Benefit #8: Enabling Discovery
Hiking and mountaineering help you see a world you might not have known existed. This type of discovery learning is exponential, unlocking entire geographic areas as blank canvases on which to draw your next adventure.
Of course, discovery isn’t limited to the act of hiking and mountaineering. It also leads to learning about ecology, hydrology, geology, meteorology, and more.
Within each of those fields is an opportunity to nurture your understanding of the outdoors. The more you experience, the more competent and confident you become.
Next Steps: Overcoming Barriers to Entry
One of the biggest obstacles to hiking or mountaineering is getting started. So, if you’re interested in hiking for your mental health but don’t know where to start, try following these steps:
- Start small. Walk around your neighborhood. Work up to a few miles of distance.
- Ask friends to join you.
- Look up information about local trails and explore them.
- Figure out what you need for food supplies and water.
- Find inspiration from a wealth of outdoor documentaries.
- Research best practices for hiking and mountaineering.

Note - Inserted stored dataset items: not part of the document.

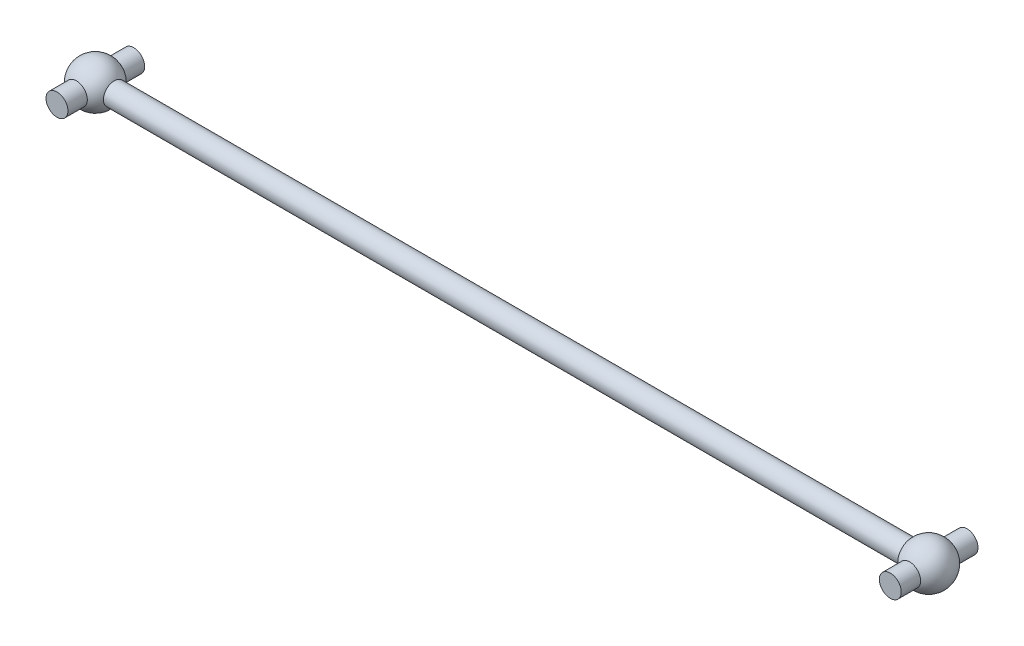
SolidWorks part; units mm, degrees
ref_plane "Front" through (0, 0, 0) normal (0, 0, 1) x (1, 0, 0)
ref_plane "Top" through (0, 0, 0) normal (0, 1, 0) x (1, 0, 0)
ref_plane "Right" through (0, 0, 0) normal (1, 0, 0) x (0, 0, -1)
sketch "Sketch1" plane through (0, 0, 0) normal (0, 0, 1) x (1, 0, 0)
  line L0 (0, 0) -> (120.65, 0) construction
  line L1 (0, 1.5875) -> (120.65, 1.5875) construction
  line L2 (2.7496, 1.5875) -> (117.9004, 1.5875)
  line L3 (123.825, 0) -> (-3.175, 0)
  circle A0 centre (0, 0) radius 3.175
  circle A1 centre (120.65, 0) radius 3.175
  circle A2 centre (0, 0) radius 1.5875
  circle A3 centre (120.65, 0) radius 1.5875
  dimension "D1" = 6.35
  dimension "D5" = 3.175
  dimension "D2" = 120.65
  dimension "D4" = 1.5875
revolve "Revolve1" add sketch "Sketch1" angle 360 about L3 region at (60.325, 0.7947, 0) region at (2.9982, 0.8034, 0) region at (121.4534, 2.9982, 0) region at (0, 0.6738, 0) region at (120.65, 0.6738, 0)
extrude "Boss-Extrude1" add sketch "Sketch1<3>" along normal mid plane 11.1125 contours L3 A3 | L3 A3 | L3 A2 | L3 A2 region at (0, -0.6738, 0) region at (0, 0.6738, 0) region at (120.65, -0.6738, 0) region at (120.65, 0.6738, 0)
sketch "Sketch1<3>" plane through (0, 0, 0) normal (0, 0, 1) x (1, 0, 0) same geometry as "Sketch1"
ref_axis "Axis1" through (2.7496, 0, 0) along (1, 0, 0)
ref_axis "Axis2" through (120.65, 0, -2.7496) along (0, 0, -1)

- Get the timing right. Popular trails are popular for a reason. Find out when the crowds come and try to avoid them.
- Sign up for guided trips with professionals who will teach you about the mountains.
- Get comfortable reading a map or using mapping software.
- Use mountaineering or hiking to affect other aspects of your life. Eat healthier and drink less so you can hike farther.
- Volunteer to help maintain public spaces and trails.
- Visit local gear shops. They may teach outdoor skills and support guided hikes, which can tap you into the local hiking crowd.
- Stay humble. You never know what stage others are at in their outdoor journey. Let people enjoy the outdoors without giving unwarranted advice.
Depression is all too common today, but research shows that nature can have a significant and positive impact on people suffering from depression. In fact, hiking and mountaineering can blunt negative thoughts, provide a critical break from screens, and offer a full-body reset.
Get moving outdoors today to see how it can benefit your mental well-being.
*The information on this site is based on research and first-hand experience but should not be treated as medical advice. Before beginning any new activity, we recommend consulting with a physician, nutritionist or other relevant professional healthcare provider.